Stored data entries
>>>

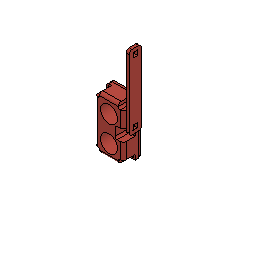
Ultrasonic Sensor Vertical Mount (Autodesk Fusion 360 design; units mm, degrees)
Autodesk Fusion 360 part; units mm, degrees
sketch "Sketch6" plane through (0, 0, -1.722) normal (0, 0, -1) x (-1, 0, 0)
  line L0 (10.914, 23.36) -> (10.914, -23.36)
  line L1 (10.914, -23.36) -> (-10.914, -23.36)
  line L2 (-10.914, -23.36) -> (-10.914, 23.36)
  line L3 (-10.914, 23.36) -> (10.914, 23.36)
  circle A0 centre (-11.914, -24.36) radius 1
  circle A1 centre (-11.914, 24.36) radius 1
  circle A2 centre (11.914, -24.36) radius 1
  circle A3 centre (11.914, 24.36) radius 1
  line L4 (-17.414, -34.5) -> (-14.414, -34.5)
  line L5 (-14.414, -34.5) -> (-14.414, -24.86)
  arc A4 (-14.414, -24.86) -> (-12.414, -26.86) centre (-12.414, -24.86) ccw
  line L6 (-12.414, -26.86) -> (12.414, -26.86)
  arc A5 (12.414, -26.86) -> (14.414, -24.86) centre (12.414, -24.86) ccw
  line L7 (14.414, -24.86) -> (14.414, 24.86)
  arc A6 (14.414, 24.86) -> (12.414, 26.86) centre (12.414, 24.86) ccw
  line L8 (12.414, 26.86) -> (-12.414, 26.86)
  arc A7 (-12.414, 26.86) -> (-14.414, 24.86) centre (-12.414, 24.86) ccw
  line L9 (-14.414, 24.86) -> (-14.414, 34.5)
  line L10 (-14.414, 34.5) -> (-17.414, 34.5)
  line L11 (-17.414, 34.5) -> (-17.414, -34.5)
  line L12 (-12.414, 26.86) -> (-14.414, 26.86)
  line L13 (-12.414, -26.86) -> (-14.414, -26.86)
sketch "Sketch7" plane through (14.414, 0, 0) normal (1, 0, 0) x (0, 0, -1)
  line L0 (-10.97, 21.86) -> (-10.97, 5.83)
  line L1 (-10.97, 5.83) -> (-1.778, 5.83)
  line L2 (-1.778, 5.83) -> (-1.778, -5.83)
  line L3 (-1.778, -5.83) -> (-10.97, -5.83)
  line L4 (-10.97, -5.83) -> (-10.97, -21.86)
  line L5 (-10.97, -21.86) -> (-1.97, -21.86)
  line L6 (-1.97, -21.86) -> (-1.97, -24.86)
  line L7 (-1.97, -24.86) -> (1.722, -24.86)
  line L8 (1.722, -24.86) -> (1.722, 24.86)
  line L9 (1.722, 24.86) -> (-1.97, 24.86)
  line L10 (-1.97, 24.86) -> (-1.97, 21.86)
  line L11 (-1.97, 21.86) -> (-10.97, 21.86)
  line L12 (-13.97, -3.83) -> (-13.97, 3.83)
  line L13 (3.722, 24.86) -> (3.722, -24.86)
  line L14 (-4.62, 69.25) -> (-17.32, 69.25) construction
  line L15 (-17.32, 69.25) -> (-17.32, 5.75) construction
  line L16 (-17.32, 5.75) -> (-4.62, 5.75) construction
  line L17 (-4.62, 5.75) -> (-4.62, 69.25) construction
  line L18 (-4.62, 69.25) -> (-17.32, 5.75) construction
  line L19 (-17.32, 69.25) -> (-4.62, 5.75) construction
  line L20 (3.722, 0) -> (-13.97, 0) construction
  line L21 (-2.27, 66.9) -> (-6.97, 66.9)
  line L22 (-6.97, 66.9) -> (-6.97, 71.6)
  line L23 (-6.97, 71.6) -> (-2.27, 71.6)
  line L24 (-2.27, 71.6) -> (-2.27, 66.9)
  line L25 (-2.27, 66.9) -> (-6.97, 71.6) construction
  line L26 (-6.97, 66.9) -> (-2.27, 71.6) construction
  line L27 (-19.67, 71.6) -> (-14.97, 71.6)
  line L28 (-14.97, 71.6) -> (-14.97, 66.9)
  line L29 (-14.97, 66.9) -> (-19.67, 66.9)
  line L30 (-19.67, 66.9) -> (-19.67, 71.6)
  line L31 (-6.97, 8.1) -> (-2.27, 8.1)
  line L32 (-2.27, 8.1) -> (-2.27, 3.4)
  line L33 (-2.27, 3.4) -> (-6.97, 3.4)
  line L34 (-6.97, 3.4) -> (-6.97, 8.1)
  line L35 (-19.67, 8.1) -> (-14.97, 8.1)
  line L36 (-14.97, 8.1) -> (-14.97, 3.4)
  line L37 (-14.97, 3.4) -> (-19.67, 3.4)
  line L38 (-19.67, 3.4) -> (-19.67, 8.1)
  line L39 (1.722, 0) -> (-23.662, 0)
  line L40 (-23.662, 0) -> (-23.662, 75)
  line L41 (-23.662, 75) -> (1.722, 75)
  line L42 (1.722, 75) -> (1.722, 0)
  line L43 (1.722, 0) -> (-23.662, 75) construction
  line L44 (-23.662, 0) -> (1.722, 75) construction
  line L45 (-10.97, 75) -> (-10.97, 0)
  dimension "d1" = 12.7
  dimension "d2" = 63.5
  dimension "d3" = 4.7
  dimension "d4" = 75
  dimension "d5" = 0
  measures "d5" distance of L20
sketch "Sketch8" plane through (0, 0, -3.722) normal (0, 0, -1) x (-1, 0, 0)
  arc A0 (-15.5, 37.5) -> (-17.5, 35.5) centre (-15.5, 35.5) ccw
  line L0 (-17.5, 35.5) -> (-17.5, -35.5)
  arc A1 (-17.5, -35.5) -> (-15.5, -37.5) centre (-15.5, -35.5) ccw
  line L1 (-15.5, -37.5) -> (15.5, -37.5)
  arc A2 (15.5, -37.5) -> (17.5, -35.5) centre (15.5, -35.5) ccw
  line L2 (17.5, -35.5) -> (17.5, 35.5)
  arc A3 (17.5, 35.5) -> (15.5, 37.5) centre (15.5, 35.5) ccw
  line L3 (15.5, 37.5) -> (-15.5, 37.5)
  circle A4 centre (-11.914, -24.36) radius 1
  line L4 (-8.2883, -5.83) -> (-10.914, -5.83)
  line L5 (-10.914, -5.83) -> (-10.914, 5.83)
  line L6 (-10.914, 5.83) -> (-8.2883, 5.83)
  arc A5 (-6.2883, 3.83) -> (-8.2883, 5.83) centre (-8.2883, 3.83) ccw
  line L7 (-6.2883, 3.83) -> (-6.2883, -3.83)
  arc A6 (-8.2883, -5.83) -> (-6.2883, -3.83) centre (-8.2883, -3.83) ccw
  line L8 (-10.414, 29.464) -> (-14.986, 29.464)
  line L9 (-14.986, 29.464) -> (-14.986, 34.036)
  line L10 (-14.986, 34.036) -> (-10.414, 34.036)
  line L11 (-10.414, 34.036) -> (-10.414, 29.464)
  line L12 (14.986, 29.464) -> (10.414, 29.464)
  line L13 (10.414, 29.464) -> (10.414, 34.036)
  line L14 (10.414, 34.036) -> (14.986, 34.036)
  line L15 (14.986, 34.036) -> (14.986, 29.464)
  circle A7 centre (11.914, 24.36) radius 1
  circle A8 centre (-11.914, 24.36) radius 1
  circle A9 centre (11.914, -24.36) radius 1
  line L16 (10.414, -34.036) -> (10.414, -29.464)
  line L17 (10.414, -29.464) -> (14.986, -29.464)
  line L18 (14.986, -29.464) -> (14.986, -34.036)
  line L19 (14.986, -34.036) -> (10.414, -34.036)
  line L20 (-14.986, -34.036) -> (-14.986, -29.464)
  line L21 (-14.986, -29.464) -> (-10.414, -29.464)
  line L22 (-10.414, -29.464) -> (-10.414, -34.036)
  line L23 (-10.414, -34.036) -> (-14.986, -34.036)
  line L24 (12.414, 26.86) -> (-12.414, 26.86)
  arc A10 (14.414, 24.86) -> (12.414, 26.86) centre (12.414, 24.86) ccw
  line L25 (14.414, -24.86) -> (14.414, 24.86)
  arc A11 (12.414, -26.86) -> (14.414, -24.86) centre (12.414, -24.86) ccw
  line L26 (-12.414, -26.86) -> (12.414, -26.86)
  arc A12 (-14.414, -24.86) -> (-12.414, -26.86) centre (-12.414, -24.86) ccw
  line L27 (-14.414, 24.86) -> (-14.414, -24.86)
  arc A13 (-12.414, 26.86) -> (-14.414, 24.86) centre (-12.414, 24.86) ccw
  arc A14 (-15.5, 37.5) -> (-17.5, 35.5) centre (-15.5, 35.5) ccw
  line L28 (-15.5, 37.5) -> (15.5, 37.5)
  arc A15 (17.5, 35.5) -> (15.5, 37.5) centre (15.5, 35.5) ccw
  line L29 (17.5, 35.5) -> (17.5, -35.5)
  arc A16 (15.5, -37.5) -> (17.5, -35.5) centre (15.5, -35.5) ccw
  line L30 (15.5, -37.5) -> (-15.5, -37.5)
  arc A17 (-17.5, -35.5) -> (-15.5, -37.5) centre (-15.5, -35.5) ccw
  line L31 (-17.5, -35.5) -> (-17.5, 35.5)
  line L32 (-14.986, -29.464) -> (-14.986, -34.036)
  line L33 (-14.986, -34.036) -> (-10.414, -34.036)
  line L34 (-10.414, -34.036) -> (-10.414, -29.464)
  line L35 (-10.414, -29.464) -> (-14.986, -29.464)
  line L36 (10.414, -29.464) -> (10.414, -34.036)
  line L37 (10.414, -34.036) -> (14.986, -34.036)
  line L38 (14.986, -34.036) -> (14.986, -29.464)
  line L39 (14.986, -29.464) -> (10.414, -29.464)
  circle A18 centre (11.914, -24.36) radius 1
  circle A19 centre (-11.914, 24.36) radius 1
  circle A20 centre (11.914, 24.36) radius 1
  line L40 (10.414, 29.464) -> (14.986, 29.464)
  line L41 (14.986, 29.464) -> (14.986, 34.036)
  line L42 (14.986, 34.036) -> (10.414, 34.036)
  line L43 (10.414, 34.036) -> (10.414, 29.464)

<<<

Action item:
All that belongs in the answer is the run of lines above from the line containing "line L17 (-4.62, 5.75)" through the line containing "line L35 (-19.67, 8.1) -> (-14.97, 8.1)", exactly as written.

Answer section:
  line L17 (-4.62, 5.75) -> (-4.62, 69.25) construction
  line L18 (-4.62, 69.25) -> (-17.32, 5.75) construction
  line L19 (-17.32, 69.25) -> (-4.62, 5.75) construction
  line L20 (3.722, 0) -> (-13.97, 0) construction
  line L21 (-2.27, 66.9) -> (-6.97, 66.9)
  line L22 (-6.97, 66.9) -> (-6.97, 71.6)
  line L23 (-6.97, 71.6) -> (-2.27, 71.6)
  line L24 (-2.27, 71.6) -> (-2.27, 66.9)
  line L25 (-2.27, 66.9) -> (-6.97, 71.6) construction
  line L26 (-6.97, 66.9) -> (-2.27, 71.6) construction
  line L27 (-19.67, 71.6) -> (-14.97, 71.6)
  line L28 (-14.97, 71.6) -> (-14.97, 66.9)
  line L29 (-14.97, 66.9) -> (-19.67, 66.9)
  line L30 (-19.67, 66.9) -> (-19.67, 71.6)
  line L31 (-6.97, 8.1) -> (-2.27, 8.1)
  line L32 (-2.27, 8.1) -> (-2.27, 3.4)
  line L33 (-2.27, 3.4) -> (-6.97, 3.4)
  line L34 (-6.97, 3.4) -> (-6.97, 8.1)
  line L35 (-19.67, 8.1) -> (-14.97, 8.1)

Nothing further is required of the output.